Task brief ▸
Your task is to filter the data below down to the lines holding "linetype".

(Collected data)

======

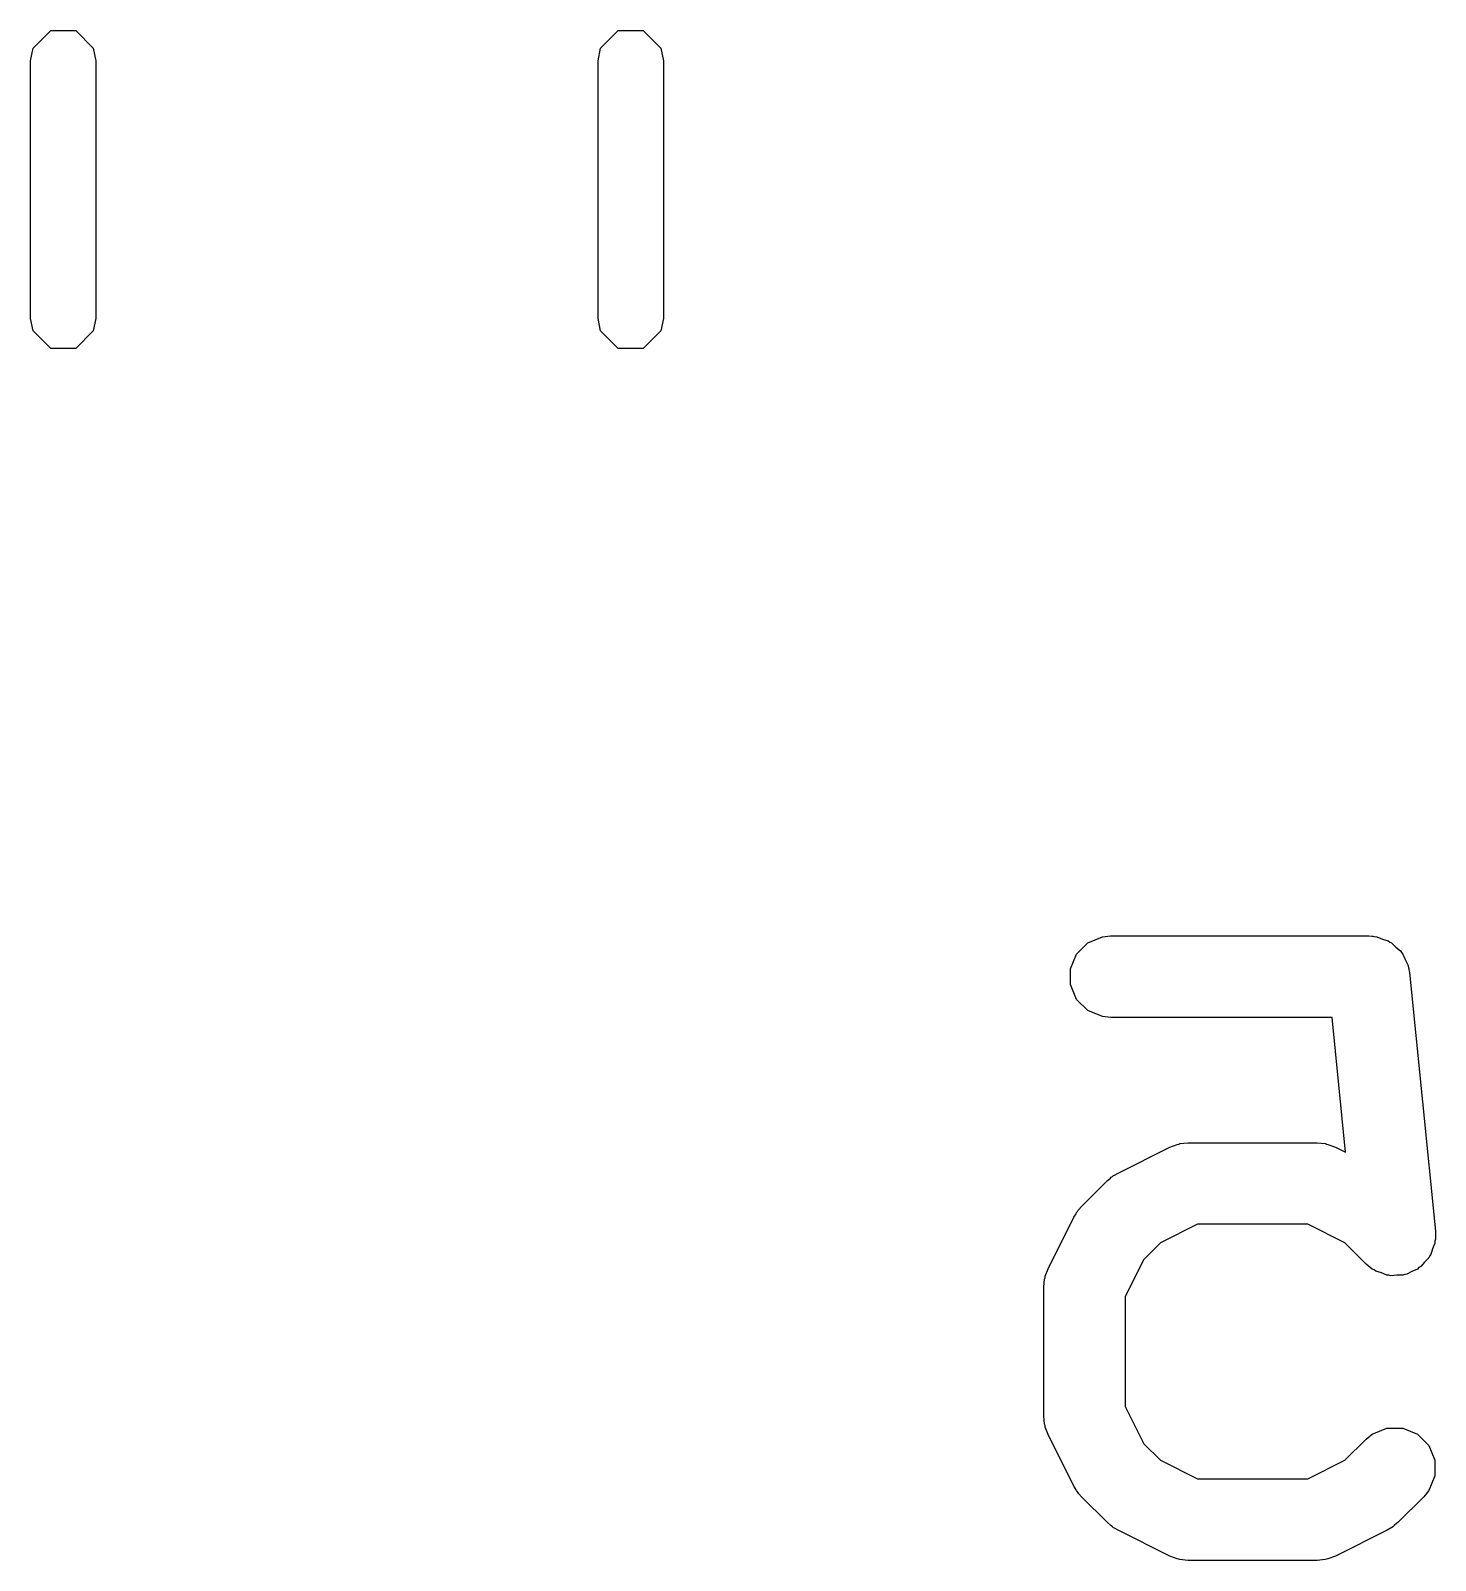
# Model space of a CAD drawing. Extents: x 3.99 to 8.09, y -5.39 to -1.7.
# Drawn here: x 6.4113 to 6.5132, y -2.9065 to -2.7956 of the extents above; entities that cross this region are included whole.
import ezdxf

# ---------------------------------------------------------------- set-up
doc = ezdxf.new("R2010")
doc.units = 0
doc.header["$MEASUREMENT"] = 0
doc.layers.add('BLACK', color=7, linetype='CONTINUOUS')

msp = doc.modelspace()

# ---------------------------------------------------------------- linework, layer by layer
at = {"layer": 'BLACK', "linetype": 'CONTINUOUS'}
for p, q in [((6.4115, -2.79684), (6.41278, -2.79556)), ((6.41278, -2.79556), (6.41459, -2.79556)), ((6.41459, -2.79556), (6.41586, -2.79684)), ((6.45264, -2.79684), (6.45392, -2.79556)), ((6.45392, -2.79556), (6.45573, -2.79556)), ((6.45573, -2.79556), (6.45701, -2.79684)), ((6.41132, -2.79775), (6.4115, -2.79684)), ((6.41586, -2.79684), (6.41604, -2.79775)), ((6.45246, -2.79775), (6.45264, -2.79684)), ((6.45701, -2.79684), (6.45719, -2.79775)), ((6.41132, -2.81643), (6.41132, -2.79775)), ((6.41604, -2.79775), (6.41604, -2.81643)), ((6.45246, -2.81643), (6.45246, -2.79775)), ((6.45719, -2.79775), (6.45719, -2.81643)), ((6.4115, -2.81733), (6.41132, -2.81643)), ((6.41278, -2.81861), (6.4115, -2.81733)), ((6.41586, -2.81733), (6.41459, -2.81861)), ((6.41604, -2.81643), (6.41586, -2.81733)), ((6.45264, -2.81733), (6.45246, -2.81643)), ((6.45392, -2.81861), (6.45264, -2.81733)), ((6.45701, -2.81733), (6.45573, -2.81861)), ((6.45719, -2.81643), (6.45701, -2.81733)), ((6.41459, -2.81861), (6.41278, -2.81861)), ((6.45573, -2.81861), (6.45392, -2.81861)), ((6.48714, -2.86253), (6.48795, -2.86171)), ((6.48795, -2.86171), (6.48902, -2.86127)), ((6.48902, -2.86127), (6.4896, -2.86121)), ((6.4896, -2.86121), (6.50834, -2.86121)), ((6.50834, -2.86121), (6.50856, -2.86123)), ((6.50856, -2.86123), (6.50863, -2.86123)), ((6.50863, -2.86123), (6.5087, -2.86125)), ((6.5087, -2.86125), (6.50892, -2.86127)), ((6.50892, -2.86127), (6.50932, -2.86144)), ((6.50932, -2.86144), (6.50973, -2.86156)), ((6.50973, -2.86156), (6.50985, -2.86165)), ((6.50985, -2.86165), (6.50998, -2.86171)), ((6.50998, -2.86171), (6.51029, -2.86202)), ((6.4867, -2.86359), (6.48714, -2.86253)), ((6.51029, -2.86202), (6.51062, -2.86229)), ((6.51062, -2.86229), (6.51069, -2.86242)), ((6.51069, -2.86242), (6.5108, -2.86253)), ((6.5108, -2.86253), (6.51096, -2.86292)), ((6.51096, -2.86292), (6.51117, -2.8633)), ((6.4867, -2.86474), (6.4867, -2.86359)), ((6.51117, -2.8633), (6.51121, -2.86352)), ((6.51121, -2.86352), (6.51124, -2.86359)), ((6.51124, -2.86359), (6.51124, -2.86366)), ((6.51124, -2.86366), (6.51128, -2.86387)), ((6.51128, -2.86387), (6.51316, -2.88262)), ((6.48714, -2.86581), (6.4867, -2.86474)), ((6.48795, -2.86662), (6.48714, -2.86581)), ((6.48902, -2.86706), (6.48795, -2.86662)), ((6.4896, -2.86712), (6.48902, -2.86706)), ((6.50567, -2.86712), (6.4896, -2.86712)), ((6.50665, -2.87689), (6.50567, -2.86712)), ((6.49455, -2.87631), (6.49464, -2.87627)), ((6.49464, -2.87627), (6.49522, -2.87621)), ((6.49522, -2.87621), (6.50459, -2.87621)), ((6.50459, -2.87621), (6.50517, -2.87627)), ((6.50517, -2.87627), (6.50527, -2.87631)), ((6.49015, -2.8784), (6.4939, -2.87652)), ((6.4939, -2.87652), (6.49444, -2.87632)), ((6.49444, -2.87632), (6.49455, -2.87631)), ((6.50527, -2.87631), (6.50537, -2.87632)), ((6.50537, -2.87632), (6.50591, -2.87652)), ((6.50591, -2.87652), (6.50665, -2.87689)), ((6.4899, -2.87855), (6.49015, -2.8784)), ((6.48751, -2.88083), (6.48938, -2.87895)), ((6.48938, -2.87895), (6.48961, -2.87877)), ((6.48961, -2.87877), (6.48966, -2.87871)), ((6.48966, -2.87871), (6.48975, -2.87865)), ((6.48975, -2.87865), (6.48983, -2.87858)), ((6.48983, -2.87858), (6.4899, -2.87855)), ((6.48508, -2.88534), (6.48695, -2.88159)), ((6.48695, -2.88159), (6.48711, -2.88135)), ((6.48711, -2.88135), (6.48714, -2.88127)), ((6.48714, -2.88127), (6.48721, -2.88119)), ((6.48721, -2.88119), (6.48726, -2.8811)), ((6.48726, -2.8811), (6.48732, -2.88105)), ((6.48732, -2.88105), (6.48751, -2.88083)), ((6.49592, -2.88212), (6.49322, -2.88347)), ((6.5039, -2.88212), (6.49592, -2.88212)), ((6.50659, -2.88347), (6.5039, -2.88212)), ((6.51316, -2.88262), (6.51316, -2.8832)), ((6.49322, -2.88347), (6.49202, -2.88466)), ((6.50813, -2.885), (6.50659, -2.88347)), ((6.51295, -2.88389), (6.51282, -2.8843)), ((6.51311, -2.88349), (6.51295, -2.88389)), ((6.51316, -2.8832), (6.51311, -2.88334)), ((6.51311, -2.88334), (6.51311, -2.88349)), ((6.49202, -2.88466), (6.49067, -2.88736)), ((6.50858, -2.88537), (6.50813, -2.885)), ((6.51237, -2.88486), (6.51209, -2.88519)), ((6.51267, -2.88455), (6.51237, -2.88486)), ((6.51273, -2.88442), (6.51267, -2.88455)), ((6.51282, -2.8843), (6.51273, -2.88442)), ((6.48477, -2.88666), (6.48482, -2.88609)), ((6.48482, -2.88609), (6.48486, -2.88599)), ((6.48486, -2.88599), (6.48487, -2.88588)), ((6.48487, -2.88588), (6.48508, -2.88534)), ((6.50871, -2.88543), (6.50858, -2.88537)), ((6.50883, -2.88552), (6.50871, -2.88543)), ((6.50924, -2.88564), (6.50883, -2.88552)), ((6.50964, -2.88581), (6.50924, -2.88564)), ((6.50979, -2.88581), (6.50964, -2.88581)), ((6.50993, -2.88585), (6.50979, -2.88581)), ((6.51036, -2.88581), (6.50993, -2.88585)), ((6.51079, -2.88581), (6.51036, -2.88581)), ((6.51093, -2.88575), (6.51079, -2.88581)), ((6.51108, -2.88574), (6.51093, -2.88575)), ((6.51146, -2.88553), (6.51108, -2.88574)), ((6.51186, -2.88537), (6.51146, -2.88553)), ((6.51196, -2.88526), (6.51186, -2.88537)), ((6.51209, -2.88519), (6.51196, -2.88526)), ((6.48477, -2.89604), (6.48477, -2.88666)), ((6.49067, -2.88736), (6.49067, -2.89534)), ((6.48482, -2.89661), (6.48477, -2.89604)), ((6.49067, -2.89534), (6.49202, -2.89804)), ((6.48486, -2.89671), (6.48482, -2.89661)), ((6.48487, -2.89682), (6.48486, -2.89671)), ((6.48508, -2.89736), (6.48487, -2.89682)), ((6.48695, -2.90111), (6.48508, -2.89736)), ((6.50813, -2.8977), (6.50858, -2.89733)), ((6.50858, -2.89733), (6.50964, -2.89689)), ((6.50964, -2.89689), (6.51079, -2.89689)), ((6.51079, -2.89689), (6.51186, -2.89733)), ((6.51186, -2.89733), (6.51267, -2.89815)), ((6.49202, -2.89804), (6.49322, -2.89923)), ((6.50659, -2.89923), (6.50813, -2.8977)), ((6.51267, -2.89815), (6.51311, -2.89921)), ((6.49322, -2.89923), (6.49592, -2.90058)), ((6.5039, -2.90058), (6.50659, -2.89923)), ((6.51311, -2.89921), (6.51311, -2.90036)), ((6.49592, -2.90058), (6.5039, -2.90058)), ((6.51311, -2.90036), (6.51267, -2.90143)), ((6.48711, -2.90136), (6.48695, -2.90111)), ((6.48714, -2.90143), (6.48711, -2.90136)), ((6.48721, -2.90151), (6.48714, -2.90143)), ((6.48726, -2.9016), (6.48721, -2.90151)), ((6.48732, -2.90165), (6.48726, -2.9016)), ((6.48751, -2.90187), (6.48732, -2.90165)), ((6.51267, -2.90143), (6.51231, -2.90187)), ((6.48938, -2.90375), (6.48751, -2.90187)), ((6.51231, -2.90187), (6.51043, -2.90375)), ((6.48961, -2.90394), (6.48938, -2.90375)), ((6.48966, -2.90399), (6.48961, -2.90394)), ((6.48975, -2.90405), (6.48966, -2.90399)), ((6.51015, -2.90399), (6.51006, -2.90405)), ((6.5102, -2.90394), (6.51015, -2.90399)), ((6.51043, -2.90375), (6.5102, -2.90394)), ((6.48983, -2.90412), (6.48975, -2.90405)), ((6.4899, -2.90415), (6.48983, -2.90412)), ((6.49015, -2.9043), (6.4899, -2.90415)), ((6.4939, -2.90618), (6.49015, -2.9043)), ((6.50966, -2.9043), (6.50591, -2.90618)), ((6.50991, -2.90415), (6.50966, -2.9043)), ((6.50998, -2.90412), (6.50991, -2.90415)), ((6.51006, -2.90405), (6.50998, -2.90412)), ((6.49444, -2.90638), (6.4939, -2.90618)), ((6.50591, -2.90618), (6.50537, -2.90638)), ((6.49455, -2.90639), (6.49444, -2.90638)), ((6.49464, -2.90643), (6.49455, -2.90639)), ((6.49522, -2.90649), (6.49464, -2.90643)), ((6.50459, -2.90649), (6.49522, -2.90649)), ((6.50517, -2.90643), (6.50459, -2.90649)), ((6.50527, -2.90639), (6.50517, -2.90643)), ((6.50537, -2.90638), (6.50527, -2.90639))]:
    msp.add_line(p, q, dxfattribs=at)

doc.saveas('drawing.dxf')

======

Result for this exercise ▸
doc.layers.add('BLACK', color=7, linetype='CONTINUOUS')
at = {"layer": 'BLACK', "linetype": 'CONTINUOUS'}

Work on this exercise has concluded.